- [Assignment]:
Return the lines below that contain "with".

- [Records to use]:

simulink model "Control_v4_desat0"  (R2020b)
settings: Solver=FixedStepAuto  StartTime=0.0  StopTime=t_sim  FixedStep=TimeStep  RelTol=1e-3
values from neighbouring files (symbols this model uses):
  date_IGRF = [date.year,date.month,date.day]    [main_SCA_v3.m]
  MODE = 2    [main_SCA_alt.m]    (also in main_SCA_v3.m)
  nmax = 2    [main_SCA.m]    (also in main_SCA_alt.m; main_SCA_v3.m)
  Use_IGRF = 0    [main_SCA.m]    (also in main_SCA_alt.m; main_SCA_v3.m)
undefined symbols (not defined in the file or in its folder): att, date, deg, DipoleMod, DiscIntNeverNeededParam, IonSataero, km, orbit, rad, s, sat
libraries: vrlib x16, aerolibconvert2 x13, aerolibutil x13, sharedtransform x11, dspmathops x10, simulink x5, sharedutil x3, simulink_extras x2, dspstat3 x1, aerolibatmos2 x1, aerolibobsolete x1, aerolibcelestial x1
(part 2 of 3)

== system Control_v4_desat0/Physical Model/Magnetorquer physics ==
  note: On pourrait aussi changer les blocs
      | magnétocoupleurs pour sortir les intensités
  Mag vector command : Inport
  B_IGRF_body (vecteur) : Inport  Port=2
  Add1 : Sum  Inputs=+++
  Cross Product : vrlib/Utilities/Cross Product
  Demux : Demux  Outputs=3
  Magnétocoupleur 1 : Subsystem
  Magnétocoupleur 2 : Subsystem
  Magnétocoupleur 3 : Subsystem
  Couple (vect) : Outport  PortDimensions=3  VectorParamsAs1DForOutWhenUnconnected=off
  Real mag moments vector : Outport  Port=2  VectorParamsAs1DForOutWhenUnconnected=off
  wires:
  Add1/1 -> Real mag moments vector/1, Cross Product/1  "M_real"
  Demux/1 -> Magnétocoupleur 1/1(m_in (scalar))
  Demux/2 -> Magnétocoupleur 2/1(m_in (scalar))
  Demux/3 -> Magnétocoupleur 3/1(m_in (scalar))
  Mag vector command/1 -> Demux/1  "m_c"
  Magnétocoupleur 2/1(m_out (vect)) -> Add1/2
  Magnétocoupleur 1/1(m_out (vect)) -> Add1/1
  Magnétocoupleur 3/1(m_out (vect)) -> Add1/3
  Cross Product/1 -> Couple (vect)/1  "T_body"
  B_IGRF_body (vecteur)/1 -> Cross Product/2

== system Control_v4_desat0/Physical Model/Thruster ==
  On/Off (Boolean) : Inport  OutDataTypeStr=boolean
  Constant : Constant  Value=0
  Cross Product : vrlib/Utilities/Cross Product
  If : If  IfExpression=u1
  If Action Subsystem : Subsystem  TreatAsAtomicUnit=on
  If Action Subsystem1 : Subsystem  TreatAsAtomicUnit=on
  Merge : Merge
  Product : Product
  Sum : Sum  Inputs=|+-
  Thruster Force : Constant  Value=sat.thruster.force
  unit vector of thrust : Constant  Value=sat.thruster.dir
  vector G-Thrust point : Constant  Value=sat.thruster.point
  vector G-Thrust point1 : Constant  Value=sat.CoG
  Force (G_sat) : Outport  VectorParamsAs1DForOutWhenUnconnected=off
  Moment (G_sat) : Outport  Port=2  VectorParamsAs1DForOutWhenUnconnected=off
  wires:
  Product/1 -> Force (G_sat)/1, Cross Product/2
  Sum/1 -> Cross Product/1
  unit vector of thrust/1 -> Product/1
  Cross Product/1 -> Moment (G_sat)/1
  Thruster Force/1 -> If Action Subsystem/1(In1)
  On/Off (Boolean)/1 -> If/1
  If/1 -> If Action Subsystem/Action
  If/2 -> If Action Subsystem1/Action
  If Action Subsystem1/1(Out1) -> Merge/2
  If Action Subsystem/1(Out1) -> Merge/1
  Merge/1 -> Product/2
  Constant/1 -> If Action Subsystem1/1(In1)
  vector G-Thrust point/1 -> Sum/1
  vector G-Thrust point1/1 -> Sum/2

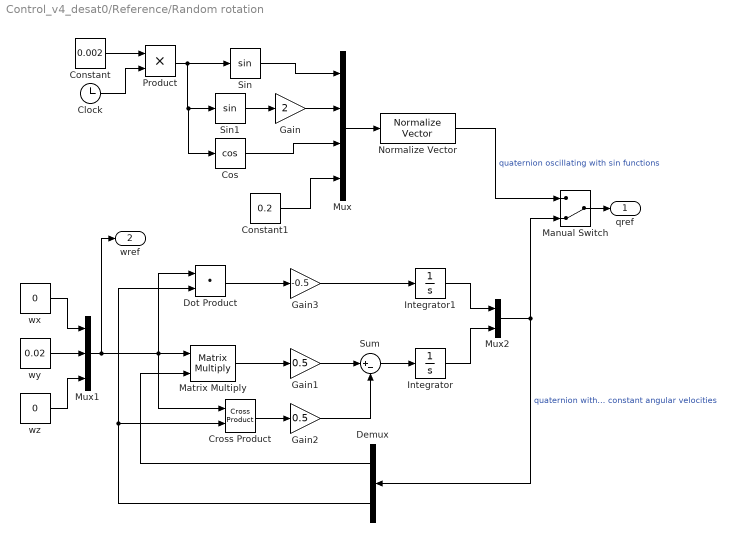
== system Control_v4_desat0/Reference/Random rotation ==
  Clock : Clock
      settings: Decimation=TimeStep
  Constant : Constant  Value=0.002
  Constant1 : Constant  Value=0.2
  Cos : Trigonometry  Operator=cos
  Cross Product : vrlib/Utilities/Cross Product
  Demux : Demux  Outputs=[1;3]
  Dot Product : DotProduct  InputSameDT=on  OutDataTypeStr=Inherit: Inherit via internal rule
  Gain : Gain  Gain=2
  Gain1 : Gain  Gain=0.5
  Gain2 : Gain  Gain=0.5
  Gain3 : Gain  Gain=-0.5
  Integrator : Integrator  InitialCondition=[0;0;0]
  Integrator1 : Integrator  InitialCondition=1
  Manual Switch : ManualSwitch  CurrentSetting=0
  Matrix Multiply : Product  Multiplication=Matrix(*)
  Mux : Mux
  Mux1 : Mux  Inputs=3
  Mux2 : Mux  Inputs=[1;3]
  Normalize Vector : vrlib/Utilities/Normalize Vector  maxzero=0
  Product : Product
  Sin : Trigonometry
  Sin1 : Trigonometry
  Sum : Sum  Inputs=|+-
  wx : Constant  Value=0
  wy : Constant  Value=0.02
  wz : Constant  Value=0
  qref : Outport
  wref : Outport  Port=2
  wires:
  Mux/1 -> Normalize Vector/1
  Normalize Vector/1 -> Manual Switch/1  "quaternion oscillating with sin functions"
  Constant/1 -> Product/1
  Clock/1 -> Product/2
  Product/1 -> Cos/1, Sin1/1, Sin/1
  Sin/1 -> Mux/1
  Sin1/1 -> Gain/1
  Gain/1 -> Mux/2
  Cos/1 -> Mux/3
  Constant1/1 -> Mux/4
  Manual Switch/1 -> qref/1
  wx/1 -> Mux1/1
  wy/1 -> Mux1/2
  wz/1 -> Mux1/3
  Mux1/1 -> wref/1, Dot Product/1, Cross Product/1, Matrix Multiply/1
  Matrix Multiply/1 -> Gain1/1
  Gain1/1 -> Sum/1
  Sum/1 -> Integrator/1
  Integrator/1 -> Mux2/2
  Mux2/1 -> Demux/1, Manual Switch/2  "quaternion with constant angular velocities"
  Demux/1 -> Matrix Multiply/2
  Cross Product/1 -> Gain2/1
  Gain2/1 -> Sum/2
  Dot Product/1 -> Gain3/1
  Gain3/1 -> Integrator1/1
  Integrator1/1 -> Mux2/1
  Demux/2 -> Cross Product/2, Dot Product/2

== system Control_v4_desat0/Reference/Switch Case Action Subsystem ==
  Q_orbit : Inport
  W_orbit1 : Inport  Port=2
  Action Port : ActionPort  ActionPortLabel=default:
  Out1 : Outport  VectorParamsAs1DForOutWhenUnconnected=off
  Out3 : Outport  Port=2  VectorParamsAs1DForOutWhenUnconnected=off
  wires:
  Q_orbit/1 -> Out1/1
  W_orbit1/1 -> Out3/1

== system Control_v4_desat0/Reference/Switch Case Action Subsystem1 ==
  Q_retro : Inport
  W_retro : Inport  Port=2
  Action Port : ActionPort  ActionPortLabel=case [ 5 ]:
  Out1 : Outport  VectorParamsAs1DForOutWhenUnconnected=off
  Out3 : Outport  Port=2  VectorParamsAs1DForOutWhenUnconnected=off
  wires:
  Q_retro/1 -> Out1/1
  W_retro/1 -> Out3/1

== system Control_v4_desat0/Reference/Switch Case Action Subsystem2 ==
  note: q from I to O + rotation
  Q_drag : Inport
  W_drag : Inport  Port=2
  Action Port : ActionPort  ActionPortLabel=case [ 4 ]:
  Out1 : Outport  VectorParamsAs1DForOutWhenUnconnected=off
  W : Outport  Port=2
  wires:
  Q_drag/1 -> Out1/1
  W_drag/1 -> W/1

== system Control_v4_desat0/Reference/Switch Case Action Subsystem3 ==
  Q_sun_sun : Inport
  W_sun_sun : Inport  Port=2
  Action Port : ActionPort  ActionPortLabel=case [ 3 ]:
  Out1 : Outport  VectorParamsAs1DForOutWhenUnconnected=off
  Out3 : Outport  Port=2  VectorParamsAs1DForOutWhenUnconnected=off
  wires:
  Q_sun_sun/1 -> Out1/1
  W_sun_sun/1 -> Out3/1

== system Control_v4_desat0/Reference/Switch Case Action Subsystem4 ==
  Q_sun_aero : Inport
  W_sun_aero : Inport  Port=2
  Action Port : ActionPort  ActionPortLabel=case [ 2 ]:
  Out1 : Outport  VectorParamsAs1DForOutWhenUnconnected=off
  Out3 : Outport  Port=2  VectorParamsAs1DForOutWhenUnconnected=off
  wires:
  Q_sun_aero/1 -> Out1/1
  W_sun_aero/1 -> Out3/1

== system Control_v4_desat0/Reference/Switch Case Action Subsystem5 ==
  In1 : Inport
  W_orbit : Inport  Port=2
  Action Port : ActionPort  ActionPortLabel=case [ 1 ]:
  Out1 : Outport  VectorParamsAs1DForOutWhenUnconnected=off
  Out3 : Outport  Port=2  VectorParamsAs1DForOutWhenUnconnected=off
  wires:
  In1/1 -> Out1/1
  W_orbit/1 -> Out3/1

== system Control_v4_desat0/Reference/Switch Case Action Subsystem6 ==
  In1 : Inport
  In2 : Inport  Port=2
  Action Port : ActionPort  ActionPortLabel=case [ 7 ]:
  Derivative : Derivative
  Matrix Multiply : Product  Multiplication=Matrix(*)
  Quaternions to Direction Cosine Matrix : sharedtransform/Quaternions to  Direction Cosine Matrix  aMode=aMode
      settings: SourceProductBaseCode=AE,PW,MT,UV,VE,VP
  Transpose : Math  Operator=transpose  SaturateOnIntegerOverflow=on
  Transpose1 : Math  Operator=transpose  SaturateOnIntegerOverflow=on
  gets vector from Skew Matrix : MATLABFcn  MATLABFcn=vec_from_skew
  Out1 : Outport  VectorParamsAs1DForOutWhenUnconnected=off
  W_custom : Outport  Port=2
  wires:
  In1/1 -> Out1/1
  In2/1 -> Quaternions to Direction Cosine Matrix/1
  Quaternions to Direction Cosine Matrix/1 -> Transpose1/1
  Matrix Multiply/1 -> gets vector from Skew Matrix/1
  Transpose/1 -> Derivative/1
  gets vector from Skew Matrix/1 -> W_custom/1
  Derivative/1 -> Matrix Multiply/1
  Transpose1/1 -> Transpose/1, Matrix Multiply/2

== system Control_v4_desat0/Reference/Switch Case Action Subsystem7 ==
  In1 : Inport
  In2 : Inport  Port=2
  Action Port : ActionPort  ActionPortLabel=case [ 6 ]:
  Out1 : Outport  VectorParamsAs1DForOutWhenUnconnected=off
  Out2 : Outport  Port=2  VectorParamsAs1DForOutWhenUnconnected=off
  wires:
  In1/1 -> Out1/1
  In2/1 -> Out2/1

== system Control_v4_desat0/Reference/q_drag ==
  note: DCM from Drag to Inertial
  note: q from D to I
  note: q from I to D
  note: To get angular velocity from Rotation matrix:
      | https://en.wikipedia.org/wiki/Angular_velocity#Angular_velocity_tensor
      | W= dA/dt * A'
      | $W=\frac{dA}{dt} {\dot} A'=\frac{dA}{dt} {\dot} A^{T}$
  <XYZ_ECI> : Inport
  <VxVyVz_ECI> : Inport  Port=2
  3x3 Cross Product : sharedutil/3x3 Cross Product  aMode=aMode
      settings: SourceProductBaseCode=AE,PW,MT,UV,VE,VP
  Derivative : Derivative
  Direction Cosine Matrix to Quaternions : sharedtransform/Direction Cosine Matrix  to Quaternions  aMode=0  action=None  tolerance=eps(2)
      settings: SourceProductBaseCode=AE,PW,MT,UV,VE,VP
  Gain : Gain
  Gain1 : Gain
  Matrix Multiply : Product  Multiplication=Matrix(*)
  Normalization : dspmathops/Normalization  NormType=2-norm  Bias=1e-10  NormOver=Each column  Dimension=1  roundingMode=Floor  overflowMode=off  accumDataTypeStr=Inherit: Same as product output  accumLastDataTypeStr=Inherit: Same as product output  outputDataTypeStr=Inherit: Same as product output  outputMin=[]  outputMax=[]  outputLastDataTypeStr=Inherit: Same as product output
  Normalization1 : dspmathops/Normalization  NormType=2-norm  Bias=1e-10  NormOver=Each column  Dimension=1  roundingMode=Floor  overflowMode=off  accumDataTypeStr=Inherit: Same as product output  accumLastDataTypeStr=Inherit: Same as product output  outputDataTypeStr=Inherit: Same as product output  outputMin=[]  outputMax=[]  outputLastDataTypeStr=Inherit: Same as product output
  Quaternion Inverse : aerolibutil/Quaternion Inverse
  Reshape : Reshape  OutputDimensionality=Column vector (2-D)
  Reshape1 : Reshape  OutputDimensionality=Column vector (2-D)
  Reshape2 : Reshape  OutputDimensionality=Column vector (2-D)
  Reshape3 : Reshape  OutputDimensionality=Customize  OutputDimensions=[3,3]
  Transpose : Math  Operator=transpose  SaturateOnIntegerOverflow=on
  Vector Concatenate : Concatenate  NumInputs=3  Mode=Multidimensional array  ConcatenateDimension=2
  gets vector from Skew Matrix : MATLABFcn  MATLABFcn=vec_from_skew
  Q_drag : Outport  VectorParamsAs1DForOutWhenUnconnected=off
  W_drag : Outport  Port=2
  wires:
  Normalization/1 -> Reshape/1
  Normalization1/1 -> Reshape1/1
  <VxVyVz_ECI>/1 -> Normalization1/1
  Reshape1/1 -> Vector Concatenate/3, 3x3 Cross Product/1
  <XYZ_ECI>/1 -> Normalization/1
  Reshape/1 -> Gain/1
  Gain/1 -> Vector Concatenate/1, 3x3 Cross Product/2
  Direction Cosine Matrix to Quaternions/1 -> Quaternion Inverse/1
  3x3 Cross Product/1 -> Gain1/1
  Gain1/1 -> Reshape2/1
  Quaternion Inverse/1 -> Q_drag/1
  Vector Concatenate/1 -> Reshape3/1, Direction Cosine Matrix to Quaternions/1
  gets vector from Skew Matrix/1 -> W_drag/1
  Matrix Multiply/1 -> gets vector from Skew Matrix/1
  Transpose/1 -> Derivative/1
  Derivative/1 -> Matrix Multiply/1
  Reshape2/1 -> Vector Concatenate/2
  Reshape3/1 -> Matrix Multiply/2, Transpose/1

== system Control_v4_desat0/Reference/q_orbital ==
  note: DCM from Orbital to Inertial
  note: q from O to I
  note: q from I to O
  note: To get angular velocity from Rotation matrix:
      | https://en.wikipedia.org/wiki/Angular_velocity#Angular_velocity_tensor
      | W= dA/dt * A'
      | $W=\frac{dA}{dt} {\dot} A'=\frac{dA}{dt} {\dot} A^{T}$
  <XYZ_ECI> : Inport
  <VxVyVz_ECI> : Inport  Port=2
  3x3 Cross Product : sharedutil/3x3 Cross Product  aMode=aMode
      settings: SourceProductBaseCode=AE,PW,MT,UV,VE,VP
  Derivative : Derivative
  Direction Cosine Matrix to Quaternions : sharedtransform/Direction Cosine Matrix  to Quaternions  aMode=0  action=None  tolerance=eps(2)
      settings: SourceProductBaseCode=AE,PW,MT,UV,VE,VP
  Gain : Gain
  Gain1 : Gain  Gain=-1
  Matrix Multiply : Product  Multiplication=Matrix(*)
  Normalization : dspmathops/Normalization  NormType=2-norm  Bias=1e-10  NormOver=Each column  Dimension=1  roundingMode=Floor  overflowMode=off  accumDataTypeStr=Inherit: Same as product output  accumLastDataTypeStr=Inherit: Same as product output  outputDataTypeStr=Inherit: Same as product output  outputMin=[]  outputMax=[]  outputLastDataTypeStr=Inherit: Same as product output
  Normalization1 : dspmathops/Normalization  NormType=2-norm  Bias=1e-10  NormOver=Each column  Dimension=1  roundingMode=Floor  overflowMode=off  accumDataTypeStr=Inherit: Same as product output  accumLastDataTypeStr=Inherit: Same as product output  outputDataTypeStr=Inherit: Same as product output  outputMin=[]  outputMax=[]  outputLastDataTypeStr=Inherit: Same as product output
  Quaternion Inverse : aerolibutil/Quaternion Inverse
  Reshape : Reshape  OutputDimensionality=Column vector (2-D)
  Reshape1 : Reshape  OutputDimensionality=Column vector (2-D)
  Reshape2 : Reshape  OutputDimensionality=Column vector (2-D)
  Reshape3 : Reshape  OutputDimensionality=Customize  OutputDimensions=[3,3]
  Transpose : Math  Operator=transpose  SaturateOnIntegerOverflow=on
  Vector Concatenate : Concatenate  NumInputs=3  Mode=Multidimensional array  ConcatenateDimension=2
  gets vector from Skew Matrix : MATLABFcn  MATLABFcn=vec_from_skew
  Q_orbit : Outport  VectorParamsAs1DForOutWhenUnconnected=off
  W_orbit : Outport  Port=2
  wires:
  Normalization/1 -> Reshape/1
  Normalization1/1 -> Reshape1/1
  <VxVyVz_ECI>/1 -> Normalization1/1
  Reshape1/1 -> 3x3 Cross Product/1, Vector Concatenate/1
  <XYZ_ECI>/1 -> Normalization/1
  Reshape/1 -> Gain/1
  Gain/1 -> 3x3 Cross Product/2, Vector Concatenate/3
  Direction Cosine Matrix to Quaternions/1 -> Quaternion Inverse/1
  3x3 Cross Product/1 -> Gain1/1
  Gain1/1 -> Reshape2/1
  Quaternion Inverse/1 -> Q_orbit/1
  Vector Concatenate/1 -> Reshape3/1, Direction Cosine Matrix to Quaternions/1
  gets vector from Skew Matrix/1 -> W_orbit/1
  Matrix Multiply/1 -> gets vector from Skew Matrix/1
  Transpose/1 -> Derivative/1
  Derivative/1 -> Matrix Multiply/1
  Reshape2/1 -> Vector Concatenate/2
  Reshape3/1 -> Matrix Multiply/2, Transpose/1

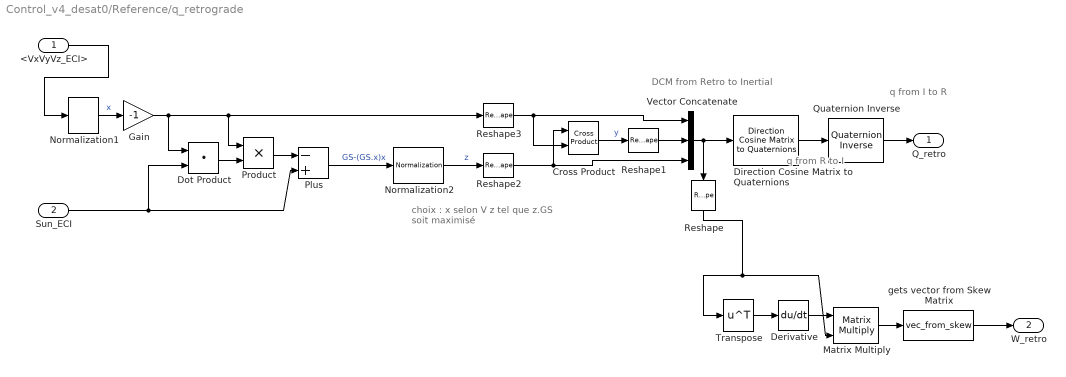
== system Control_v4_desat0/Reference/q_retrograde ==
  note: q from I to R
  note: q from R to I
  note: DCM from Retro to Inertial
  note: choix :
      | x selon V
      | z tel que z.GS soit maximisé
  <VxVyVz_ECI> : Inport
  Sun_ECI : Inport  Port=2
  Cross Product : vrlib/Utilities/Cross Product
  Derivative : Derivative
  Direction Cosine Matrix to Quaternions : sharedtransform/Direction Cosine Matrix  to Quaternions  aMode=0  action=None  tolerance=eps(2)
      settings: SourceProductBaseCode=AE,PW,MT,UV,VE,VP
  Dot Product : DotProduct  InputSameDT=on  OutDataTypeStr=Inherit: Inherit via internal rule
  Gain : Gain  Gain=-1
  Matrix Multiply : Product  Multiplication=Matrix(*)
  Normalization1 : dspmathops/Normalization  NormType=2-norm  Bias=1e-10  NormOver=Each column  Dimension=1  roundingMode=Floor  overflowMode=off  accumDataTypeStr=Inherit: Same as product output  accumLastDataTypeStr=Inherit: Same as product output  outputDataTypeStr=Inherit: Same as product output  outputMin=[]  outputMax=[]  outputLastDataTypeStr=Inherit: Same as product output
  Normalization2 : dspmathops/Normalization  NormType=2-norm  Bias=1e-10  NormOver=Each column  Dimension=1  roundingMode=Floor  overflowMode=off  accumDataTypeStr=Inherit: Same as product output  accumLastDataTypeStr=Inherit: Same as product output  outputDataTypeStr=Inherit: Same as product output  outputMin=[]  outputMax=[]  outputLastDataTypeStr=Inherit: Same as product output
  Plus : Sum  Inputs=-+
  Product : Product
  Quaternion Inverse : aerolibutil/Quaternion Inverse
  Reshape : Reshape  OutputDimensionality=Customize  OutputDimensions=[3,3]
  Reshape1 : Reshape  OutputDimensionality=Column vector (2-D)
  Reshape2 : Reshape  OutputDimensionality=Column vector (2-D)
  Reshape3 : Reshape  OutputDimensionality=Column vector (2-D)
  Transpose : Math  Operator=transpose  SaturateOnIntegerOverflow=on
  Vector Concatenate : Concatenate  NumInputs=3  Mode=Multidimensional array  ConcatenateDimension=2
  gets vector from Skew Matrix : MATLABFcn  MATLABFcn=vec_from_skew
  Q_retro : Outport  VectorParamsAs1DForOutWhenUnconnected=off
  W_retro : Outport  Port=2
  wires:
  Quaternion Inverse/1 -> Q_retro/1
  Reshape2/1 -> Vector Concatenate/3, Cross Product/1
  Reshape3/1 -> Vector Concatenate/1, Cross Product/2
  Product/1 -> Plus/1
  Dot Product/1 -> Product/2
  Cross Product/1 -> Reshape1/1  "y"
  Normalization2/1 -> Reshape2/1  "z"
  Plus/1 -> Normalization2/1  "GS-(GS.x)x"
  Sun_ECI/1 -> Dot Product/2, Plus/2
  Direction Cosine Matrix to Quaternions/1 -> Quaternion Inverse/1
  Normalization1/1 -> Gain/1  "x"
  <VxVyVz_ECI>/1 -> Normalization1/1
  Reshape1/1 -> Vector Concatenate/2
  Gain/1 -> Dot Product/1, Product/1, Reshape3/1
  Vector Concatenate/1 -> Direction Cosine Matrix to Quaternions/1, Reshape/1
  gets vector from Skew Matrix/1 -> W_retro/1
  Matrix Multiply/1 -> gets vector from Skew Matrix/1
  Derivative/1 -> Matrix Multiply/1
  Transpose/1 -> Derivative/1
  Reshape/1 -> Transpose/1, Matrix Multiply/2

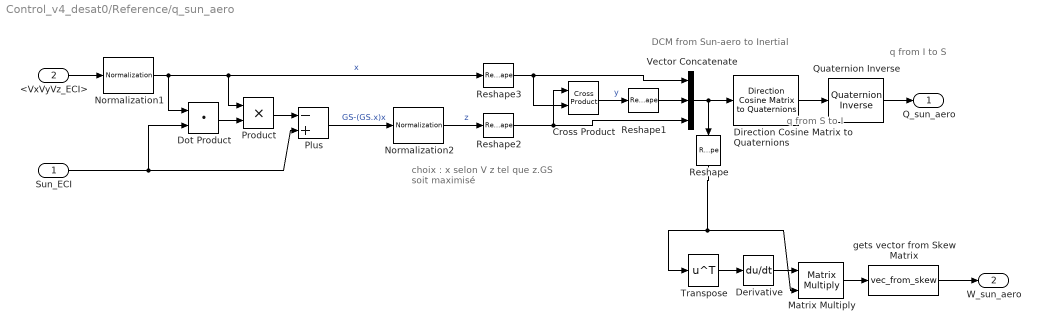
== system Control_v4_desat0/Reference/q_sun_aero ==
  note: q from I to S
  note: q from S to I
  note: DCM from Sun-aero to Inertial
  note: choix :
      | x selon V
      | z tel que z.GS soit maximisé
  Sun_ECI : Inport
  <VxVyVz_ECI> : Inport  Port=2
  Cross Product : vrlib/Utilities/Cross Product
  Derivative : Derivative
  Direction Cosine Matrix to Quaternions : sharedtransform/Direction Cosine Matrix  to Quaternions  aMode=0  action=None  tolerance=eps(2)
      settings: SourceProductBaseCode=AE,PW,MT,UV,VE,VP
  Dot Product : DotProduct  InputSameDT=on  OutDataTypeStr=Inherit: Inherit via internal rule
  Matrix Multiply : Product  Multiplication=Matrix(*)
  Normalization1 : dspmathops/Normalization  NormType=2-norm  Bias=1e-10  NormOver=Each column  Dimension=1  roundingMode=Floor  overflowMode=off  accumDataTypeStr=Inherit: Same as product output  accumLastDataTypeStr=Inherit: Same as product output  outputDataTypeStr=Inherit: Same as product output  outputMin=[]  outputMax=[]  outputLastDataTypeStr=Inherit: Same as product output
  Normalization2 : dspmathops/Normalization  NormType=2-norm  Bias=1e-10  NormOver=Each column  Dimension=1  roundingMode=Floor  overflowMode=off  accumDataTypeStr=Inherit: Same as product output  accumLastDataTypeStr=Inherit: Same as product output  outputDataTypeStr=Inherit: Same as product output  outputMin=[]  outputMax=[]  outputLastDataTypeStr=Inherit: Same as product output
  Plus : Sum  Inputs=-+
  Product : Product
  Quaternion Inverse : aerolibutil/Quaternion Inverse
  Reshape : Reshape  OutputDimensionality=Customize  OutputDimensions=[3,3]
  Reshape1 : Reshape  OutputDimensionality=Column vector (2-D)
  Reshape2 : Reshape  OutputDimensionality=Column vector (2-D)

- [Finished exercise]:
  Normalize Vector/1 -> Manual Switch/1  "quaternion oscillating with sin functions"
  Mux2/1 -> Demux/1, Manual Switch/2  "quaternion with constant angular velocities"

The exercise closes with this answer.